Exercise details:
From the entries below, copy out every line with "schematic" in it.

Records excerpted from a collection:
--- START ---

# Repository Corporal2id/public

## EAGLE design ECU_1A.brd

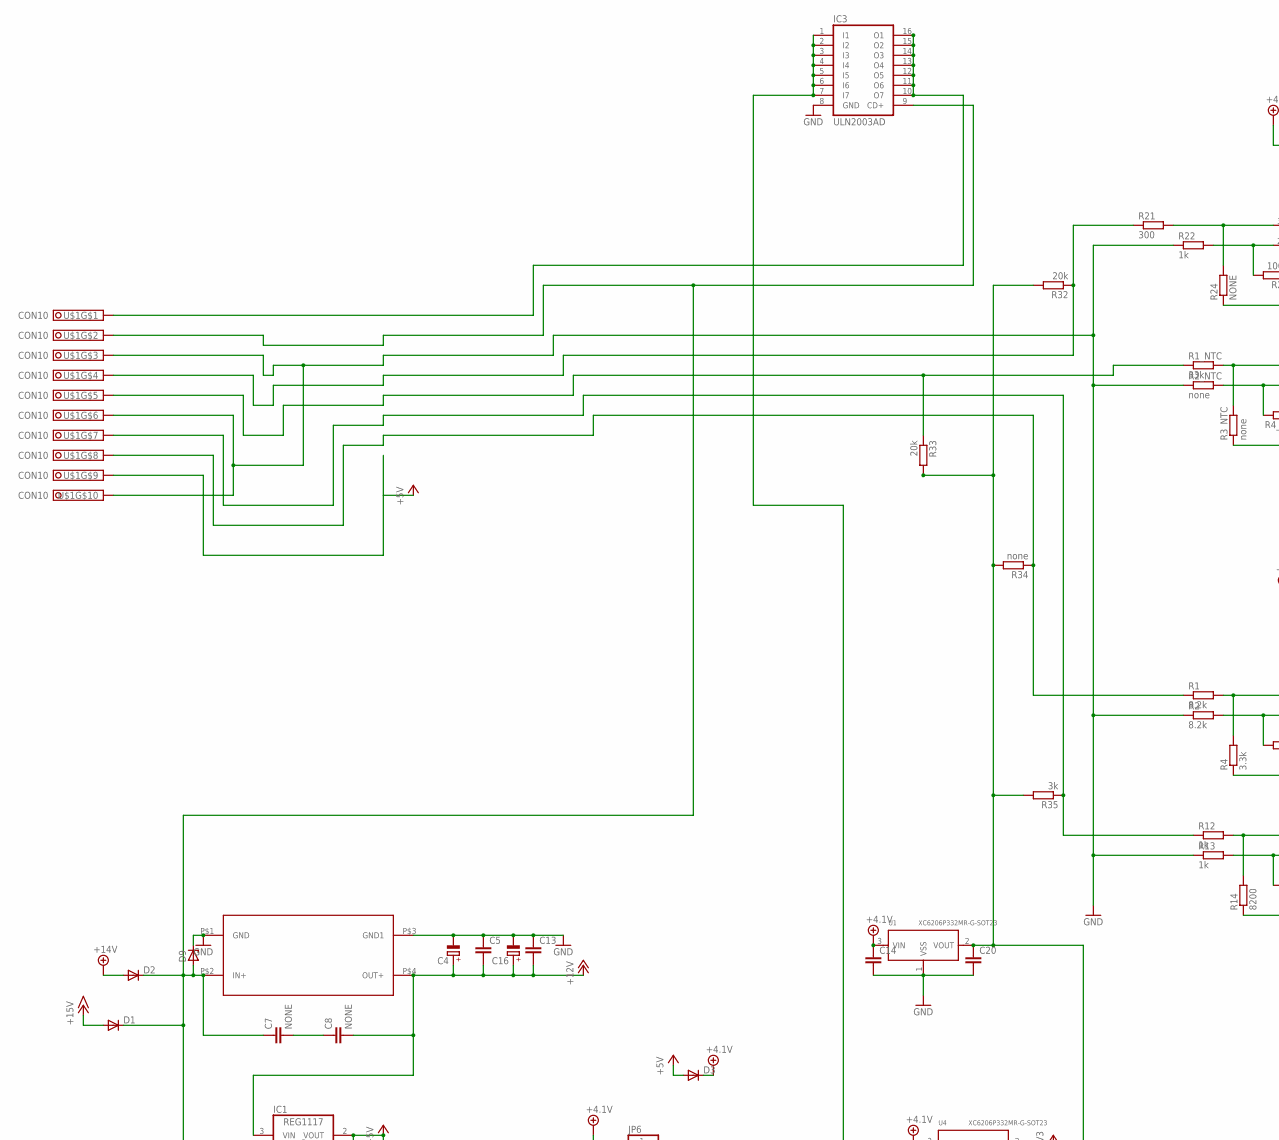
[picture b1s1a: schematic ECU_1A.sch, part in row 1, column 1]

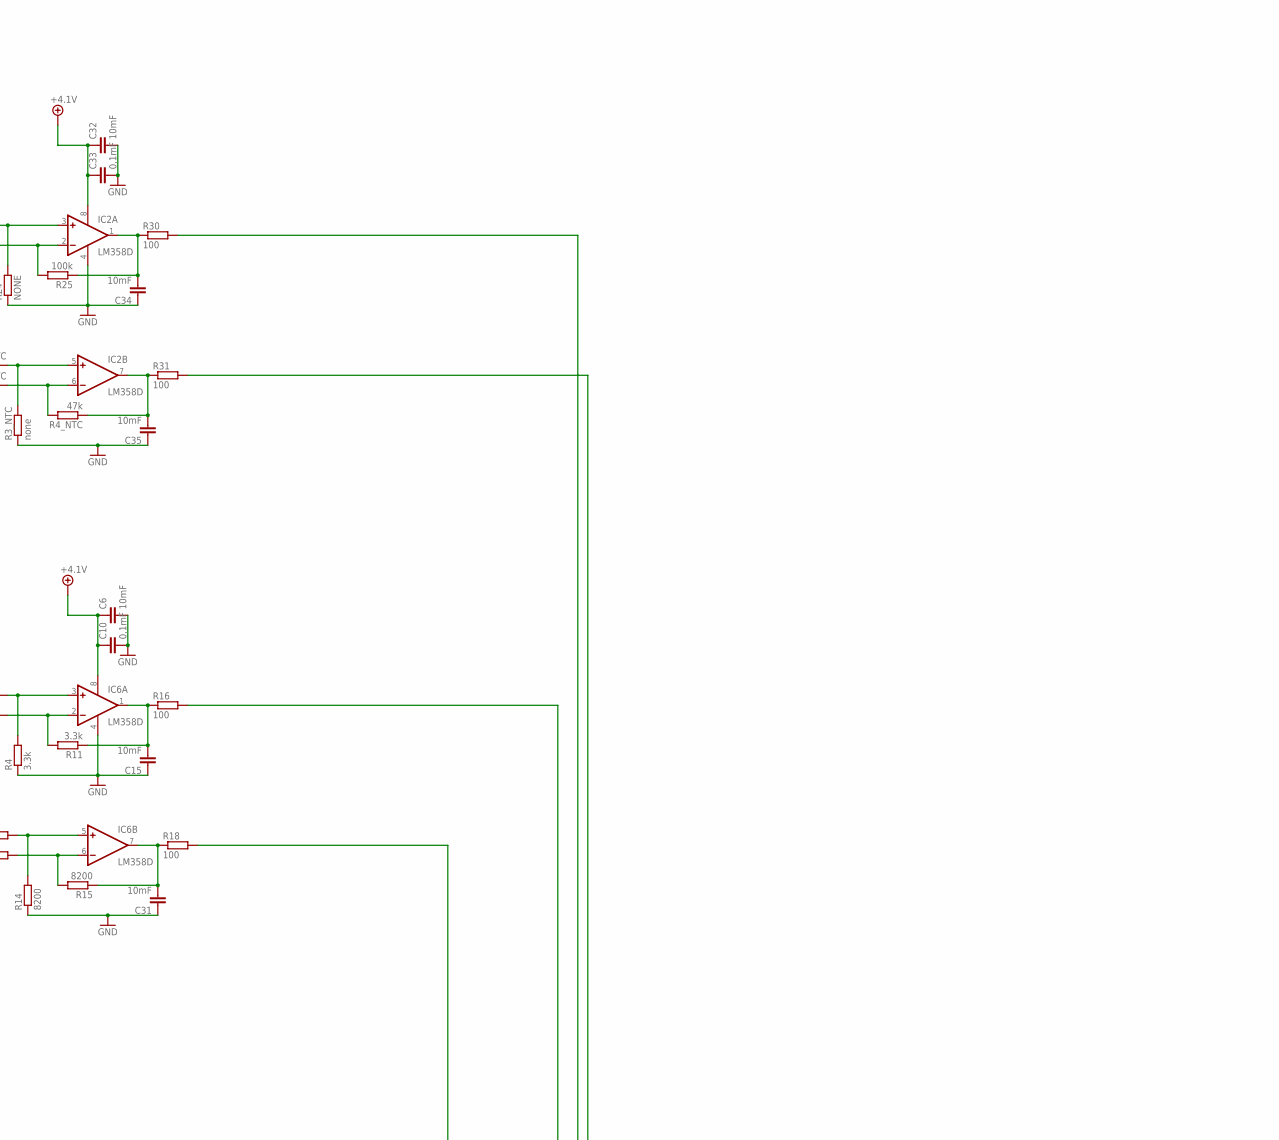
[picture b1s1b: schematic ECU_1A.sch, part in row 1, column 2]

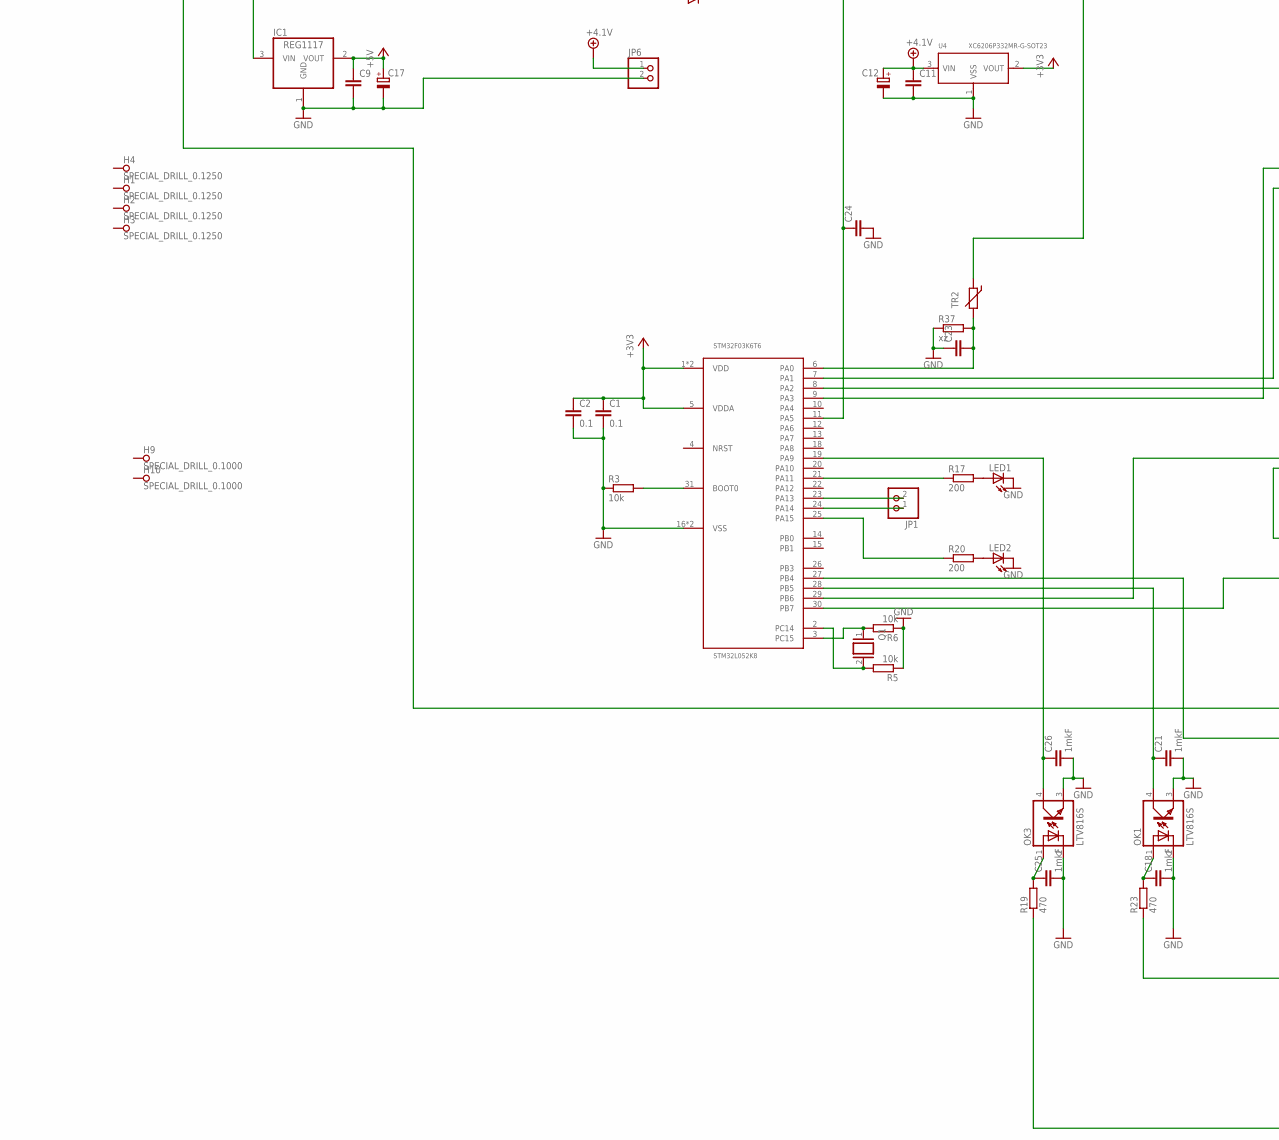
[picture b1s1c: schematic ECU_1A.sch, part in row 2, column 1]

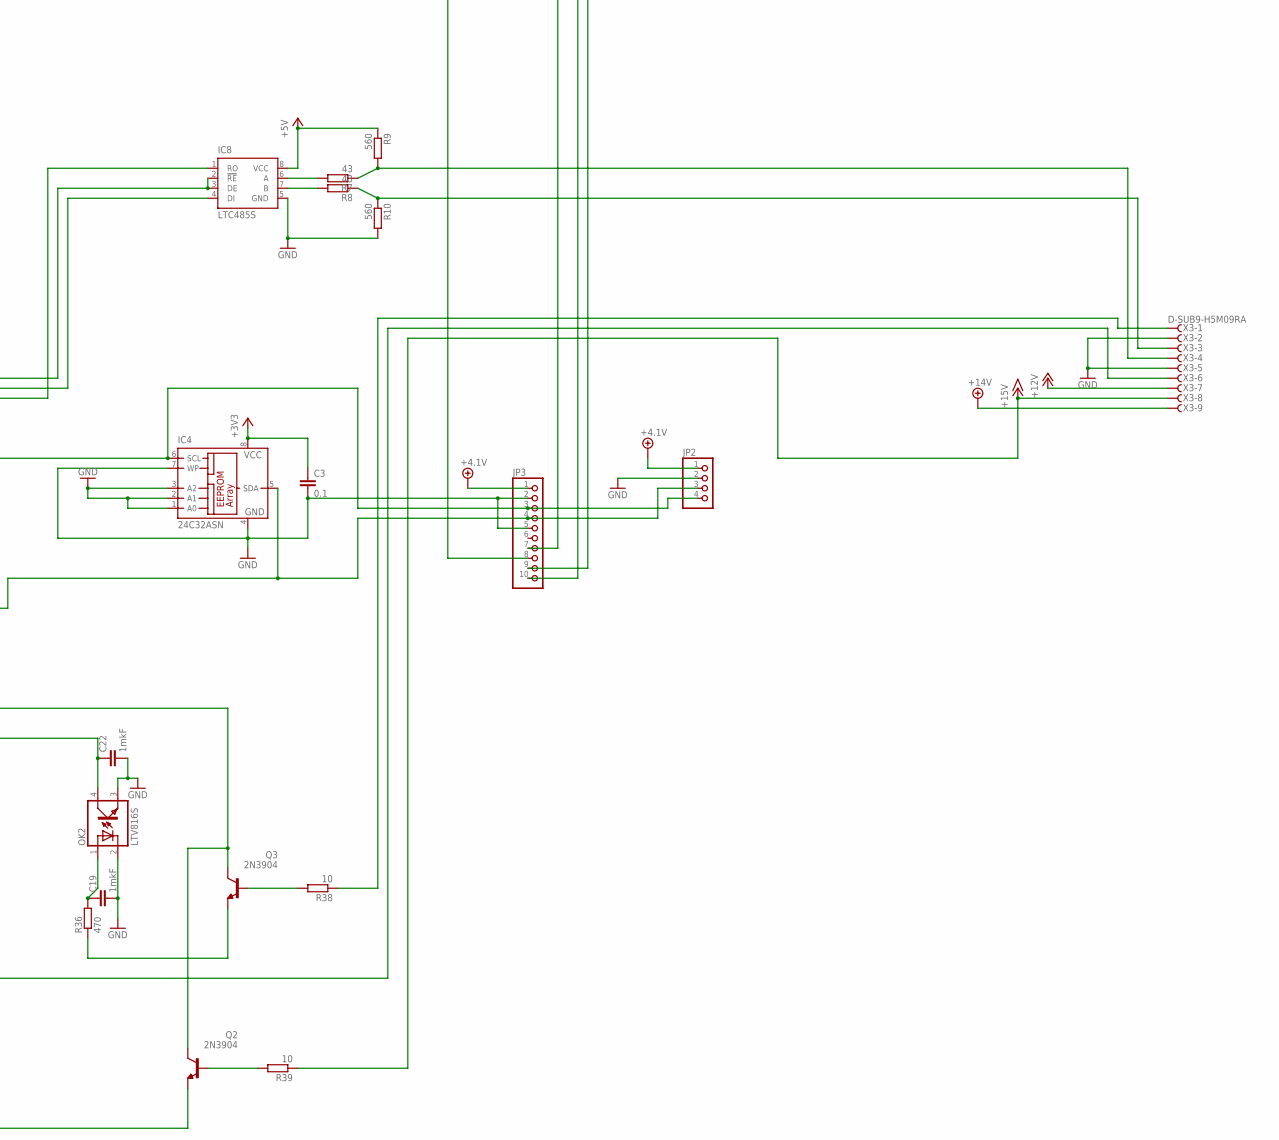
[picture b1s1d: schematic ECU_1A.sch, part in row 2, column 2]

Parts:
C1, C2, C3: 0.1; C0805
C4, C12: CPOL-EUE2.5-6; E2,5-6
C5, C9, C11, C13, C14, C20, C23, C24: C-EUC0805; C0805
C6, C15, C31, C32, C34, C35: 10mF; C0805
C7, C8: NONE; C0805
C10, C33: 0,1mF; C0805
C16: CPOL-EUE5-10.5; E5-10,5
C17: CPOL-EUE2,5-6E; E2,5-6E
C18, C19, C21, C22, C25, C26: 1mkF; C0805
D1, D2, D3: DIODE-DO-214AC; DO-214AC
D9: ZENER-DIODEZD-7.5; ZDIO-7.5
H1, H2, H3, H4: SPECIAL_DRILL_0.1250; PAD_0.1250
H9, H10: SPECIAL_DRILL_0.1000; PAD_0.1000
IC1: REG1117; SOT223
IC2, IC6: LM358D; SO08
IC3: ULN2003AD; SO16
IC4: 24C32ASN; SO-08
IC8: LTC485S; SOIC8
JP1, JP6: PINHD-1X2; 1X02
JP2: PINHD-1X4; 1X04
JP3: PINHD-1X10; 1X10
LED1, LED2: LEDCHIPLED_1206; CHIPLED_1206
OK1, OK2, OK3: LTV816S; SMD4
Q1: XTAL/S; QS
Q2, Q3: 2N3904; TO92
R1, R2: 8.2k; R0805
R1_NTC: 33k; R0805
R2_NTC, R3_NTC, R34: none; R0805
R3, R5, R6: 10k; R0805
R4, R11: 3.3k; R0805
R4_NTC: 47k; R0805
R7, R8: 43; R0805
R9, R10: 560; R0805
R12, R13, R22: 1k; R0805
R14, R15: 8200; R0805
R16, R18, R30, R31: 100; R0805
R17, R20: 200; R0805
R19, R23, R36: 470; R0805
R21: 300; R0805
R24: NONE; R0805
R25: 100k; R0805
R32, R33: 20k; R0805
R35: 3k; R0805
R37: xz; R0805
R38, R39: 10; R0805
STM32F03K6T6: STM32L052K8; LQFP32-7X7
TR2: THERMISTOR_R-2,5; RS-2,5
U1, U4: XC6206P332MR-G-SOT23; SOT-23
U$1: CON10
U$2: DC24_DC5; SLIM_MOUNT
X3: D-SUB9-H5M09RA; H5M09RA

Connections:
3.3V_SENSORS: C20.1, R32.2, R33.2, R34.2, R35.2, TR2.1, U1.2 (VOUT)
+3V3: C1.1, C2.1, C3.1, IC4.8 (VCC), STM32F03K6T6.1 (VDD), STM32F03K6T6.5 (VDDA), STM32F03K6T6.17 (VDD), U4.2 (VOUT)
+4.1V: C6.1, C10.1, C11.1, C12.+, C14.1, C32.1, C33.1, D3.C, IC2.8 (V+), IC6.8 (V+), JP2.1, JP3.1, JP6.1, U1.3 (VIN), U4.3 (VIN)
+5V: C9.1, C17.+, D3.A, IC1.2 (VOUT), IC8.8 (VCC), R9.1, U$1.9
+12V: C4.+, C5.2, C8.2, C13.2, C16.+, IC1.3 (VIN), U$2.P$4 (OUT+), X3.7
+14V: D2.A, X3.9
+15V: D1.A, R39.1, X3.8
A: IC8.6 (A), R7.2
A1_5V_PRESS: JP3.7, R16.2
A3_NTC_10K: JP3.9, R31.2
A4_TERMO_K-TYPE: JP3.10, R30.2
AIN_3: R1_NTC.1, R33.1, U$1.5
AIN_4: R21.1, R32.1, U$1.4
B: IC8.7 (B), R8.2
DE_UART: IC8.2 (!RE), IC8.3 (DE), STM32F03K6T6.7 (PA1)
DI1_IN: C21.1, OK1.4 (COL), STM32F03K6T6.28 (PB5)
DI2_IN: C22.1, OK2.4 (COL), STM32F03K6T6.27 (PB4)
DI3_IN: C26.1, OK3.4 (COL), STM32F03K6T6.19 (PA9)
DI_1: R23.1, X3.6
DI_2: R38.1, X3.1
FLVL: JP3.8, R18.2
GND: C1.2, C2.2, C3.2, C4.-, C5.1, C6.2, C9.2, C10.2, C11.2, C12.-, C13.1, C14.2, C15.1, C16.-, C17.-, C18.2, C19.2, C20.2, C21.2, C22.2, C23.1, C24.2, C25.2, C26.2, C31.1, C32.2, C33.2, C34.1, C35.1, D9.C, IC1.1 (GND), IC2.4 (V-), IC3.8 (GND), IC4.1 (A0), IC4.2 (A1), IC4.3 (A2), IC4.4 (GND), IC4.7 (WP), IC6.4 (V-), IC8.5 (GND), JP2.2, JP3.2, JP3.5, JP6.2, LED1.C, LED2.C, OK1.2 (C), OK1.3 (EMIT), OK2.2 (C), OK2.3 (EMIT), OK3.2 (C), OK3.3 (EMIT), R2.1, R2_NTC.1, R3.1, R3_NTC.1, R4.1, R5.1, R6.1, R10.2, R13.1, R14.1, R22.1, R24.1, R37.1, STM32F03K6T6.16 (VSS), STM32F03K6T6.32 (VSS), U1.1 (VSS), U4.1 (VSS), U$1.3, U$1.6, U$1.10, U$2.P$1 (GND), U$2.P$3 (GND1), X3.2, X3.5
LED1: R17.1, STM32F03K6T6.21 (PA11)
LED2: R20.1, STM32F03K6T6.25 (PA15)
unnamed: Q1.2, R5.2, STM32F03K6T6.2 (PC14)
unnamed: C7.2, C8.1
unnamed: R3.2, STM32F03K6T6.31 (BOOT0)
unnamed: C25.1, OK3.1 (A), R19.2
unnamed: Q1.1, R6.2, STM32F03K6T6.3 (PC15)
unnamed: IC6.3 (+IN), R1.2, R4.2
unnamed: JP1.2, STM32F03K6T6.23 (PA13)
unnamed: LED1.A, R17.2
unnamed: LED2.A, R20.2
unnamed: C19.1, OK2.1 (A), R36.2
unnamed: C18.1, OK1.1 (A), R23.2
unnamed: IC6.2 (-IN), R2.2, R11.2
unnamed: C23.2, R37.2, STM32F03K6T6.6 (PA0), TR2.2
unnamed: JP1.1, STM32F03K6T6.24 (PA14)
unnamed: Q3.3 (E), R36.1
unnamed: Q3.2 (B), R38.2
unnamed: C15.2, IC6.1 (OUT), R11.1, R16.1
unnamed: R12.1, R35.1, U$1.7
unnamed: Q2.2 (B), R39.2
unnamed: IC2.3 (+IN), R21.2, R24.2
unnamed: IC6.5 (+IN), R12.2, R14.2
unnamed: IC6.6 (-IN), R13.2, R15.2
unnamed: R1.1, R34.1, U$1.8
unnamed: Q2.3 (E), R19.1
unnamed: C31.2, IC6.7 (OUT), R15.1, R18.1
unnamed: IC2.2 (-IN), R22.2, R25.2
unnamed: C34.2, IC2.1 (OUT), R25.1, R30.1
unnamed: IC2.5 (+IN), R1_NTC.2, R3_NTC.2
unnamed: IC2.6 (-IN), R2_NTC.2, R4_NTC.2
unnamed: C35.2, IC2.7 (OUT), R4_NTC.1, R31.1
PLUS_12: C7.1, D1.C, D2.C, D9.A, IC3.9 (CD+), Q2.1 (C), Q3.1 (C), U$1.2, U$2.P$2 (IN+)
REL: C24.1, IC3.1 (I1), IC3.2 (I2), IC3.3 (I3), IC3.4 (I4), IC3.5 (I5), IC3.6 (I6), IC3.7 (I7), STM32F03K6T6.11 (PA5)
RELAY_OUT: IC3.10 (O7), IC3.11 (O6), IC3.12 (O5), IC3.13 (O4), IC3.14 (O3), IC3.15 (O2), IC3.16 (O1), U$1.1
RS_A: R7.1, R9.2, X3.4
RS_B: R8.1, R10.1, X3.3
RX: IC8.1 (RO), STM32F03K6T6.9 (PA3)
SCL: IC4.6 (SCL), JP2.4, JP3.3, STM32F03K6T6.29 (PB6)
SDA: IC4.5 (SDA), JP2.3, JP3.4, STM32F03K6T6.30 (PB7)
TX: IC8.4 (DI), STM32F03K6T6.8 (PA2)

--- END ---

Written response:
[picture b1s1a: schematic ECU_1A.sch, part in row 1, column 1]
[picture b1s1b: schematic ECU_1A.sch, part in row 1, column 2]
[picture b1s1c: schematic ECU_1A.sch, part in row 2, column 1]
[picture b1s1d: schematic ECU_1A.sch, part in row 2, column 2]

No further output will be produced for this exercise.